The Myth, The Legend
John Steinbeck lived a life of active observation. He was intensely curious and also intensely private. Many of his closest relationships were strained by his unwavering commitment to his work. Steinbeck's friendship with marine biologist and philosopher Edward F. Ricketts ("Doc," as he is portrayed in a number of Steinbeck's works) was profoundly influential in shaping his views (together they wrote Sea of Cortez in 1941) and the loss of his friend to a train accident in 1948 left him bereft, without the intellectual companion whose friendship he'd long cherished.

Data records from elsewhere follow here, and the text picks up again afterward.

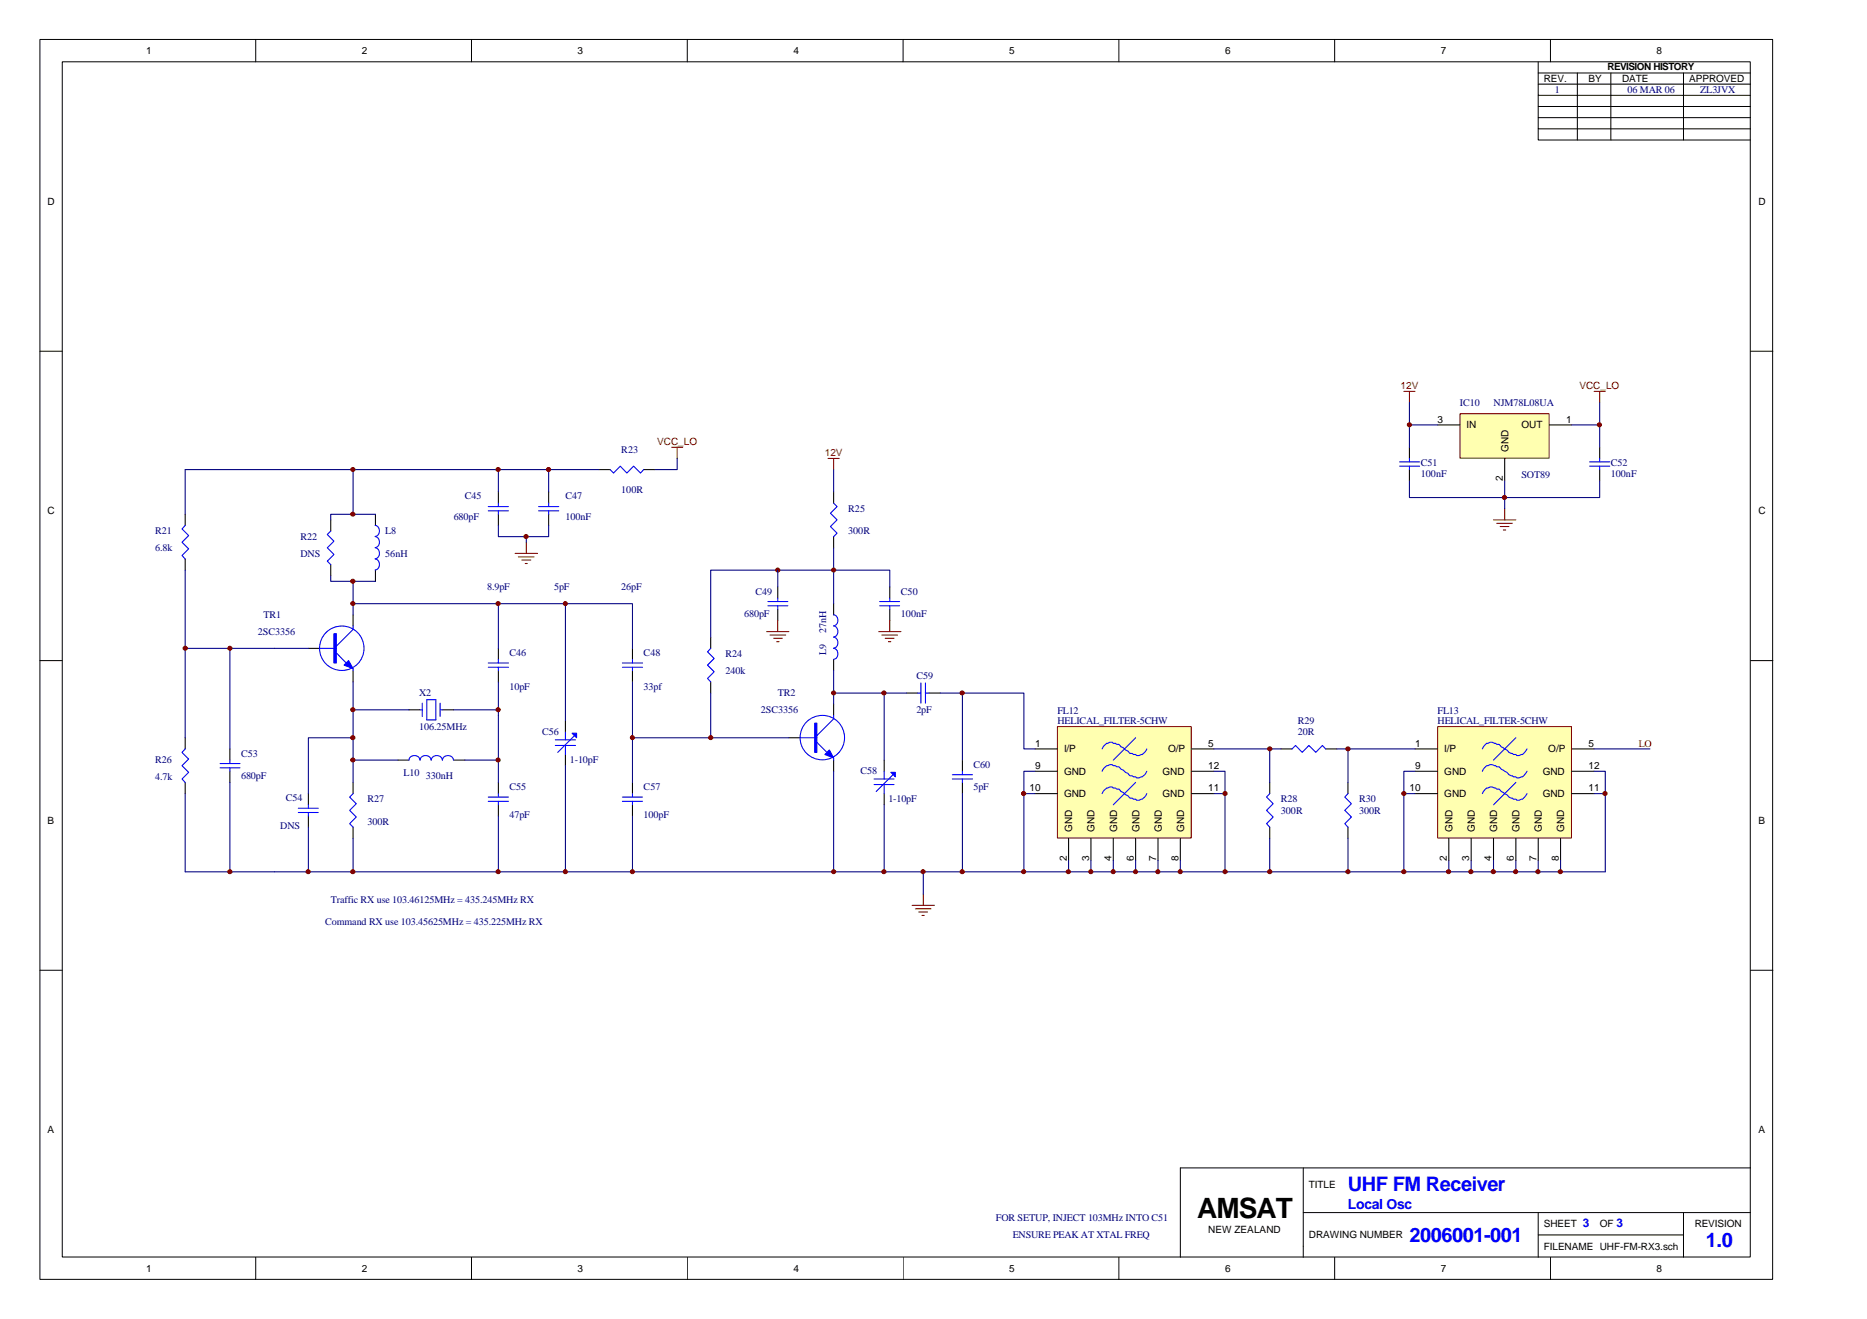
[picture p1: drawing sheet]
<svg xmlns="http://www.w3.org/2000/svg" width="297mm" height="210mm" viewBox="0 0 297 210" stroke-linecap="round" stroke-linejoin="round" font-family="sans-serif">
<g fill="none" stroke="#000" stroke-width=".16">
<path d="M6.3 6.3h275.7v197.3h-275.7zM9.9 9.8h268.6v190.2h-268.6zM40.7 6.3v3.5M75 6.3v3.5M109.3 6.3v3.5M143.7 6.3v3.5M178 6.3v3.5M212.3 6.3v3.5M244.7 9.8v5.4h33.8M244.7 15.2v3.5h33.8M244.7 18.7v1.8h33.8M244.7 11.6h33.8"/>
<path d="M244.7 16.9h33.8M246.7 6.3v3.5M251 11.6v10.7M256.3 11.6v10.7M267.8 11.6v10.7M244.7 20.5v1.8h33.8M6.3 55.9h3.6M278.5 55.9h3.6M6.3 105.1h3.6M278.5 105.1h3.6M6.3 154.4h3.6M278.5 154.4h3.6"/>
<path d="M207.3 193h71.2M207.3 185.9v14.2M244.7 193v7.1M244.7 196.5h23.1M267.8 193v7.1M278.5 185.9h-90.7v14.2M40.7 200.1v3.5M75 200.1v3.5M109.3 200.1v3.5M143.7 200.1v3.5M178 200.1v3.5M212.3 200.1v3.5"/>
<path d="M246.7 200.1v3.5"/>
</g>
<g fill="none" stroke="#000" stroke-width=".17">
<path d="M244.7 13.4h33.8M79.3 78.3v1.8M95.3 74.7h1.8M102.4 74.7h1.8M132.6 78.3v1.8M29.5 81.8v1.8M29.5 89v1.7M52.6 82.7v1.8M52.6 89.8v1.8M56.2 97.8v1.8M59.7 81.8v1.8M59.7 90.7v1.8"/>
<path d="M79.3 81.8v1.8M132.6 85.4v1.8M132.6 96.1v1.7M29.5 117.4v1.8M36.6 119.2v1.8M49.1 103.2h1.7M56.2 106.7v1.8M65.1 113h1.7M70.4 113h1.8M79.3 103.2v1.8M79.3 106.7v1.8M100.6 103.2v1.8"/>
<path d="M100.6 106.7v1.8M113.1 101.4v1.8M113.1 108.5v1.8M125.5 117.4h1.8M132.6 105v1.7M132.6 112.1v1.7M144.2 110.3h1.8M147.8 110.3h1.8M29.5 124.5v1.8M36.6 122.7v1.8M49.1 126.3v1.8M49.1 129.9v1.7"/>
<path d="M56.2 124.5v1.8M56.2 131.6v1.8M63.3 121h1.8M72.2 121h1.8M79.3 124.5v1.8M79.3 128.1v1.8M100.6 124.5v1.8M100.6 128.1v1.8M132.6 121v1.7M153.1 121v1.7M153.1 124.5v1.8"/>
</g>
<g fill="none" stroke="#00f" stroke-width=".17">
<path d="M97.1 74.7l.5 .6 1.1-1.1 1 1.1 1.1-1.1 1.1 1.1 .5-.6M29.5 83.6l-.5 .6 1 1-1 1.1 1 1-1 1.1 .5 .6M52.6 84.5l-.5 .6 1 1-1 1.1 1 1-1 1.1 .5 .5M56.2 99.6v.6l-2.7 2.6M59.7 83.6a.89 .89 0 0 1 .7 .9 .89 .89 0 0 1-.7 .9M59.7 85.4a.89 .89 0 0 1 .7 .9 .89 .89 0 0 1-.7 .8M59.7 87.2a.89 .89 0 0 1 .7 .8 .89 .89 0 0 1-.7 .9M59.7 89a.89 .89 0 0 1 .7 .8 .89 .89 0 0 1-.7 .9M77.7 81.3h3.2M77.7 80.6h3.2M79.3 80.1v.5M79.3 81.3v.5"/>
<path d="M132.6 97.8a.89 .89 0 0 1 .7 .9 .89 .89 0 0 1-.7 .9M132.6 99.6a.89 .89 0 0 1 .7 .9 .89 .89 0 0 1-.7 .9M132.6 80.1l.6 .5-1.1 1.1 1.1 1-1.1 1.1 1.1 1.1-.6 .5M29.5 119.2l-.5 .5 1 1.1-1 1 1 1.1-1 1.1 .5 .5M50.8 103.2h2.7M53.5 103.9l1.6 1.6M56.2 106.4v.3M66.8 113h.4M67.2 111.9v2.1M67.9 111.4h1.4v3.2h-1.4zM70 111.9v2.1M70 113h.4"/>
<path d="M77.7 106.2h3.2M77.7 105.5h3.2M79.3 105v.5M79.3 106.2v.5M99 106.2h3.2M99 105.5h3.2M100.6 105v.5M100.6 106.2v.5M113.1 103.2l-.5 .5 1 1.1-1 1 1 1.1-1 1.1 .5 .5M127.3 117.4h2.7M130 118.1l1.6 1.6M132.6 113.8v.6l-2.6 2.7"/>
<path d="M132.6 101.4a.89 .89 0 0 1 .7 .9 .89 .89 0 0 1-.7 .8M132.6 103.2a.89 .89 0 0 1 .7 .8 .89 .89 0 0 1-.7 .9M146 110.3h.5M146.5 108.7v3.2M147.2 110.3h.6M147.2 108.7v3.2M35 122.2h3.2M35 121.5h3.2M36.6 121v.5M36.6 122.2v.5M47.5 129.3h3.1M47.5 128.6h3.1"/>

Steinbeck married three times. His first wife Carol was very involved at the beginning of his career; she provided editorial advice, unwavering support and hours of commitment typing his hand-written notes into finished drafts. Gwyn Conger, his second wife, was the mother of his sons Thom and John. In 1949 he met his third wife, Elaine. Steinbeck and Elaine, who were very bonded, remained together for the rest of his life, spending most of their time in New York and Sag Harbor. His later years were spent writing and traveling extensively; he was recognized as one of America's most beloved writers. One of the pinnacles of his career was accepting the Nobel Prize for Literature in 1962, where he paid tribute to the written word and his literary debt to contemporary William Faulkner. John Steinbeck died in New York City on December 20, 1968. Steinbeck's ashes are buried in his family plot in Salinas, California.